◆ **Items from a data source**:
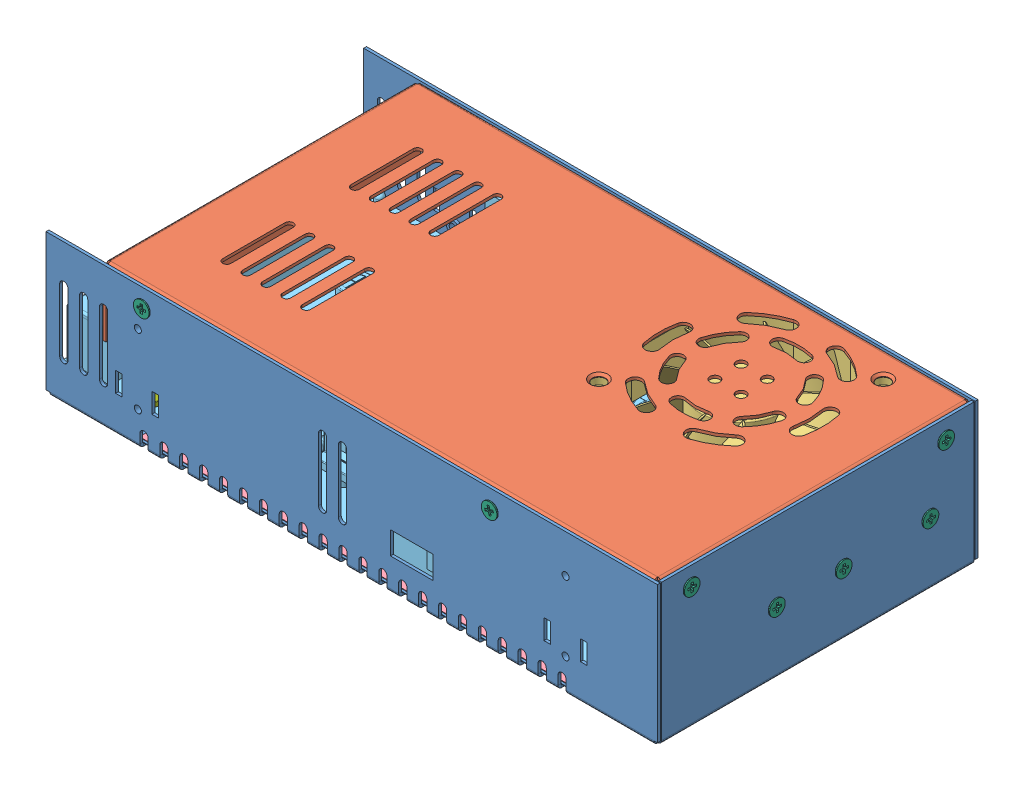
SolidWorks assembly Power supply, configuration Default. Lengths in mm.
Overall size (215.75 49.5 114.2).
22 component instances, 7 part files, 34 mates.
Components (placement in the parent):
- Bottom case-1: Bottom case [Default] at (-52.8079 -21.4842 25.6473) size (215 49.5 112.7)
- Top case-1: Top case [Default] at (-43.8079 27.0158 25.6473) x (-1 0 0) z (0 0 1) size (195 24.2 110.5)
- Cooling_fan-1: Cooling_fan [Default] at (6.8421 19.3658 4.7473) size (60 15.3 60)
- Isulator-1: Isulator [Default] at (-52.8079 -20.4842 25.6473) size (212.4 0.2 110.1)
- PCB-1: PCB [Default] at (-38.0963 -15.5842 28.421) x (-1 0 0) z (0 0 -1) size (210 32.8 108.7)
- countersunk flat head cross recess screw_iso-2: countersunk flat head cross recess screw_iso [ISO 7046-1 - M3 x 4 - Z - 4N] at (-3.7579 21.7158 -31.2277) x (0 0 1) z (-0.999997 -0.00261 0) size (4 5.5 5.5)
- countersunk flat head cross recess screw_iso-3: countersunk flat head cross recess screw_iso [ISO 7046-1 - M3 x 4 - Z - 4N] at (-126.3079 21.7158 -31.4527) x (0 0 1) z (-0.999468 0.032603 0) size (4 5.5 5.5)
- countersunk flat head cross recess screw_iso-5: countersunk flat head cross recess screw_iso [ISO 7046-1 - M3 x 4 - Z - 4N] at (-102.1563 -0.7842 -31.4527) x (0 0 1) z (-0.999426 0.03388 0) size (4 5.5 5.5)
- countersunk flat head cross recess screw_iso-6: countersunk flat head cross recess screw_iso [ISO 7046-1 - M3 x 4 - Z - 4N] at (55.3171 21.7158 70.3973) x (-1 0 0) z (0 -0.007237 -0.999974) size (4 5.5 5.5)
- countersunk flat head cross recess screw_iso-7: countersunk flat head cross recess screw_iso [ISO 7046-1 - M3 x 4 - Z - 4N] at (55.4421 0.7173 40.568) x (-1 0 0) z (0 -0.008634 -0.999963) size (4 5.5 5.5)
- countersunk flat head cross recess screw_iso-8: countersunk flat head cross recess screw_iso [ISO 7046-1 - M3 x 4 - Z - 4N] at (55.4421 0.7169 -13.432) x (-1 0 0) z (0 -0.009276 -0.999957) size (4 5.5 5.5)
- countersunk flat head cross recess screw_iso-9: countersunk flat head cross recess screw_iso [ISO 7046-1 - M3 x 4 - Z - 4N] at (55.3171 21.7158 -19.1027) x (-1 0 0) z (0 0.02196 -0.999759) size (4 5.5 5.5)
- countersunk flat head cross recess screw_iso-10: countersunk flat head cross recess screw_iso [ISO 7046-1 - M3 x 4 - Z - 4N] at (-3.7579 21.7158 82.7473) x (0 0 -1) z (0.96588 0.258989 0) size (4 5.5 5.5)
- countersunk flat head cross recess screw_iso-11: countersunk flat head cross recess screw_iso [ISO 7046-1 - M3 x 4 - Z - 4N] at (-126.3079 21.7158 82.5223) x (0 0 -1) z (1 0 0) size (4 5.5 5.5)
- countersunk flat head cross recess screw_iso-12: countersunk flat head cross recess screw_iso [ISO 7046-1 - M3 x 4 - Z - 4N] at (-47.6563 -0.7842 -31.4527) x (0 0 1) z (-0.999958 -0.009118 0) size (4 5.5 5.5)
- countersunk flat head cross recess screw_iso-13: countersunk flat head cross recess screw_iso [ISO 7046-1 - M3 x 12 - Z - 12N] at (-75.2703 -0.7842 -31.4527) x (0 0 1) z (-0.981775 -0.190045 0) size (12 5.5 5.5)
- countersunk flat head cross recess screw_iso-14: countersunk flat head cross recess screw_iso [ISO 7046-1 - M3 x 12 - Z - 12N] at (55.4421 0.7173 17.0668) x (-1 0 0) z (0 0 -1) size (12 5.5 5.5)
- pan head cross recess screw_iso-2: pan head cross recess screw_iso [ISO 7045 - M3 x 4 - Z - 4N] at (-132.2579 -11.5842 73.2473) x (0 -1 0) z (-0.291898 0 0.956449) size (6.35 5.6 5.6)
- pan head cross recess screw_iso-3: pan head cross recess screw_iso [ISO 7045 - M3 x 4 - Z - 4N] at (-132.2579 -11.5842 -21.9527) x (0 -1 0) z (0 0 1) size (6.35 5.6 5.6)
- pan head cross recess screw_iso-4: pan head cross recess screw_iso [ISO 7045 - M3 x 4 - Z - 4N] at (-43.1079 -11.5842 33.4973) x (0 -1 0) z (-0.76861 0 0.639718) size (6.35 5.6 5.6)
- pan head cross recess screw_iso-5: pan head cross recess screw_iso [ISO 7045 - M3 x 4 - Z - 4N] at (45.2421 -11.5842 -21.9527) x (0 -1 0) z (0 0 1) size (6.35 5.6 5.6)
- pan head cross recess screw_iso-6: pan head cross recess screw_iso [ISO 7045 - M3 x 4 - Z - 4N] at (45.2421 -11.5842 73.2473) x (0 -1 0) z (0 0 1) size (6.35 5.6 5.6)
Mates (geometry in assembly coordinates):
- Width1: width aligned: plane of Top case-1 through (-43.8079 27.0158 80.8973) normal (0 0 1); plane of Top case-1 through (-43.8079 27.0158 -29.6027) normal (0 0 -1); plane of Bottom case-1 through (-52.8079 -21.4842 -29.7027) normal (0 0 1); plane of Bottom case-1 through (-52.8079 -21.4842 80.9973) normal (0 0 -1)
- Coincident1: coincident aligned: plane of Bottom case-1 through (54.6921 28.0158 -30.7027) normal (0 1 0); plane of Top case-1 through (-43.8079 28.0158 25.6473) normal (0 1 0)
- Coincident3: coincident anti-aligned: plane of Bottom case-1 through (53.6921 -21.4842 25.6473) normal (-1 0 0); plane of Top case-1 through (53.6921 27.0158 25.6473) normal (1 0 0)
- Coincident4: coincident anti-aligned: plane of Top case-1 through (-43.8079 27.0158 25.6473) normal (0 -1 0); plane of Cooling_fan-1 through (-17.6579 27.0158 -19.7527) normal (0 1 0)
- Coincident5: coincident aligned: line of Top case-1 through (6.8421 28.0658 4.7473) axis (0 -1 0); line of Cooling_fan-1 through (6.8421 25.0227 4.7473) axis (0 -1 0)
- Width2: width anti-aligned: plane of Isulator-1 through (-159.0079 -19.2842 -29.4027) normal (0 0 -1); plane of Bottom case-1 through (53.3921 -19.2842 80.6973) normal (0 0 1); plane of Isulator-1 through (-52.8079 -21.4842 -29.7027) normal (0 0 1); plane of Bottom case-1 through (-52.8079 -21.4842 80.9973) normal (0 0 -1)
- Concentric3: concentric anti-aligned: cylinder of Bottom case-1 through (45.2421 -15.5842 -21.9527) axis (0 -1 0) radius 2.4; cylinder of Isulator-1 through (45.2421 -20.4842 -21.9527) axis (0 1 0) radius 3.5
- Coincident8: coincident anti-aligned: plane of Bottom case-1 through (23.1921 -19.4842 0.7973) normal (0 1 0); plane of Isulator-1 through (-52.8079 -19.4842 25.6473) normal (0 -1 0)
- Width3: width anti-aligned: plane of PCB-1 through (49.6921 -252.0492 -28.7027) normal (0 0 -1); plane of Bottom case-1 through (49.6921 -252.0492 79.9973) normal (0 0 1); plane of PCB-1 through (-52.8079 -21.4842 -29.7027) normal (0 0 1); plane of Bottom case-1 through (-52.8079 -21.4842 80.9973) normal (0 0 -1)
- Coincident9: coincident aligned: plane of Bottom case-1 through (-160.3079 -21.4842 25.6473) normal (-1 0 0); plane of PCB-1 through (-160.3079 -252.0492 79.9973) normal (-1 0 0)
- Coincident10: coincident anti-aligned: plane of Bottom case-1 through (45.2421 -15.5842 -21.9527) normal (0 1 0); plane of PCB-1 through (-38.0963 -15.5842 28.421) normal (0 -1 0)
- Coincident11: coincident aligned: cone of Top case-1 through (-3.7579 21.7158 -29.6027) axis (0 0 1); cone of countersunk flat head cross recess screw_iso-2 through (-3.7579 21.7158 -30.8277) axis (0 0 1)
- Coincident12: coincident aligned: cone of Bottom case-1 through (-126.3079 21.7158 -30.7027) axis (0 0 1); cone of countersunk flat head cross recess screw_iso-3 through (-126.3079 21.7158 -31.0527) axis (0 0 1)
- Coincident13: coincident aligned: cone of Bottom case-1 through (-102.1563 -0.7842 -29.9027) axis (0 0 1); cone of countersunk flat head cross recess screw_iso-5 through (-102.1563 -0.7842 -31.0527) axis (0 0 1)
- Coincident14: coincident aligned: cone of Top case-1 through (53.6921 21.7158 70.3973) axis (-1 0 0); cone of countersunk flat head cross recess screw_iso-6 through (54.9171 21.7158 70.3973) axis (-1 0 0)
- Coincident15: coincident aligned: cone of Bottom case-1 through (53.8921 0.7173 40.568) axis (-1 0 0); cone of countersunk flat head cross recess screw_iso-7 through (55.0421 0.7173 40.568) axis (-1 0 0)
- Coincident16: coincident aligned: cone of Bottom case-1 through (53.8921 0.7169 -13.432) axis (-1 0 0); cone of countersunk flat head cross recess screw_iso-8 through (55.0421 0.7169 -13.432) axis (-1 0 0)
- Coincident17: coincident aligned: cone of Top case-1 through (53.6921 21.7158 -19.1027) axis (-1 0 0); cone of countersunk flat head cross recess screw_iso-9 through (54.9171 21.7158 -19.1027) axis (-1 0 0)
- Coincident18: coincident aligned: cone of Bottom case-1 through (-3.7579 21.7158 81.9973) axis (0 0 -1); cone of countersunk flat head cross recess screw_iso-10 through (-3.7579 21.7158 82.3473) axis (0 0 -1)
- Coincident191: coincident aligned: cone of Top case-1 through (-126.3079 21.7158 80.8973) axis (0 0 -1); cone of countersunk flat head cross recess screw_iso-11 through (-126.3079 21.7158 82.1223) axis (0 0 -1)
- Coincident20: coincident aligned: cone of Bottom case-1 through (-47.6563 -0.7842 -29.9027) axis (0 0 1); cone of countersunk flat head cross recess screw_iso-12 through (-47.6563 -0.7842 -31.0527) axis (0 0 1)
- Concentric51: concentric anti-aligned: cylinder of Bottom case-1 through (-75.2703 -0.7842 -28.7027) axis (0 0 -1) radius 1.6; cone of countersunk flat head cross recess screw_iso-13 through (-75.2703 -0.7842 -31.0527) axis (0 0 1)
- Coincident211: coincident aligned: cone of Bottom case-1 through (53.8921 0.7173 17.0668) axis (-1 0 0); cone of countersunk flat head cross recess screw_iso-14 through (55.0421 0.7173 17.0668) axis (-1 0 0)
- Coincident22: coincident aligned: cone of Bottom case-1 through (-75.2703 -0.7842 -29.9027) axis (0 0 1); cone of countersunk flat head cross recess screw_iso-13 through (-75.2703 -0.7842 -31.0527) axis (0 0 1)
- Concentric6: concentric aligned: cylinder of Bottom case-1 through (-132.2579 -15.5842 73.2473) axis (0 1 0) radius 1.25; cylinder of pan head cross recess screw_iso-2 through (-132.2579 13.8158 73.2473) axis (0 1 0) radius 2.8
- Concentric7: concentric aligned: cylinder of PCB-1 through (-132.2579 -18.73 -21.9527) axis (0 1 0) radius 1.6; cylinder of pan head cross recess screw_iso-3 through (-132.2579 13.8158 -21.9527) axis (0 1 0) radius 2.8
- Coincident23: coincident anti-aligned: plane of PCB-1 through (-38.0963 -13.9842 28.421) normal (0 1 0); plane of pan head cross recess screw_iso-3 through (-130.7579 -13.9842 -21.9527) normal (0 -1 0)
- Concentric8: concentric anti-aligned: cone of Bottom case-1 through (-43.1079 -15.5842 33.4973) axis (0 -1 0); cylinder of pan head cross recess screw_iso-4 through (-43.1079 13.8158 33.4973) axis (0 1 0) radius 2.8
- Concentric9: concentric aligned: cylinder of PCB-1 through (45.2421 -18.73 -21.9527) axis (0 1 0) radius 1.6; cylinder of pan head cross recess screw_iso-5 through (45.2421 13.8158 -21.9527) axis (0 1 0) radius 2.8
- Coincident25: coincident anti-aligned: plane of PCB-1 through (-38.0963 -13.9842 28.421) normal (0 1 0); plane of pan head cross recess screw_iso-5 through (46.7421 -13.9842 -21.9527) normal (0 -1 0)
- Concentric10: concentric aligned: cylinder of PCB-1 through (45.2421 -18.73 73.2473) axis (0 1 0) radius 1.6; cylinder of pan head cross recess screw_iso-6 through (45.2421 13.8158 73.2473) axis (0 1 0) radius 2.8
- Coincident26: coincident anti-aligned: plane of PCB-1 through (-38.0963 -13.9842 28.421) normal (0 1 0); plane of pan head cross recess screw_iso-6 through (46.7421 -13.9842 73.2473) normal (0 -1 0)
- Coincident27: coincident aligned: plane of PCB-1 through (-38.0963 -13.9842 28.421) normal (0 1 0); circle of pan head cross recess screw_iso-2
- Coincident28: coincident aligned: plane of PCB-1 through (-38.0963 -13.9842 28.421) normal (0 1 0); circle of pan head cross recess screw_iso-4

◆ **Exercise description**: Restate word for word the lines of the data above, starting at the line containing "- Coincident9: coincident" and ending at the line containing "- Coincident12: coincident", both included, and nothing more.

◆ **Output for this task**:
- Coincident9: coincident aligned: plane of Bottom case-1 through (-160.3079 -21.4842 25.6473) normal (-1 0 0); plane of PCB-1 through (-160.3079 -252.0492 79.9973) normal (-1 0 0)
- Coincident10: coincident anti-aligned: plane of Bottom case-1 through (45.2421 -15.5842 -21.9527) normal (0 1 0); plane of PCB-1 through (-38.0963 -15.5842 28.421) normal (0 -1 0)
- Coincident11: coincident aligned: cone of Top case-1 through (-3.7579 21.7158 -29.6027) axis (0 0 1); cone of countersunk flat head cross recess screw_iso-2 through (-3.7579 21.7158 -30.8277) axis (0 0 1)
- Coincident12: coincident aligned: cone of Bottom case-1 through (-126.3079 21.7158 -30.7027) axis (0 0 1); cone of countersunk flat head cross recess screw_iso-3 through (-126.3079 21.7158 -31.0527) axis (0 0 1)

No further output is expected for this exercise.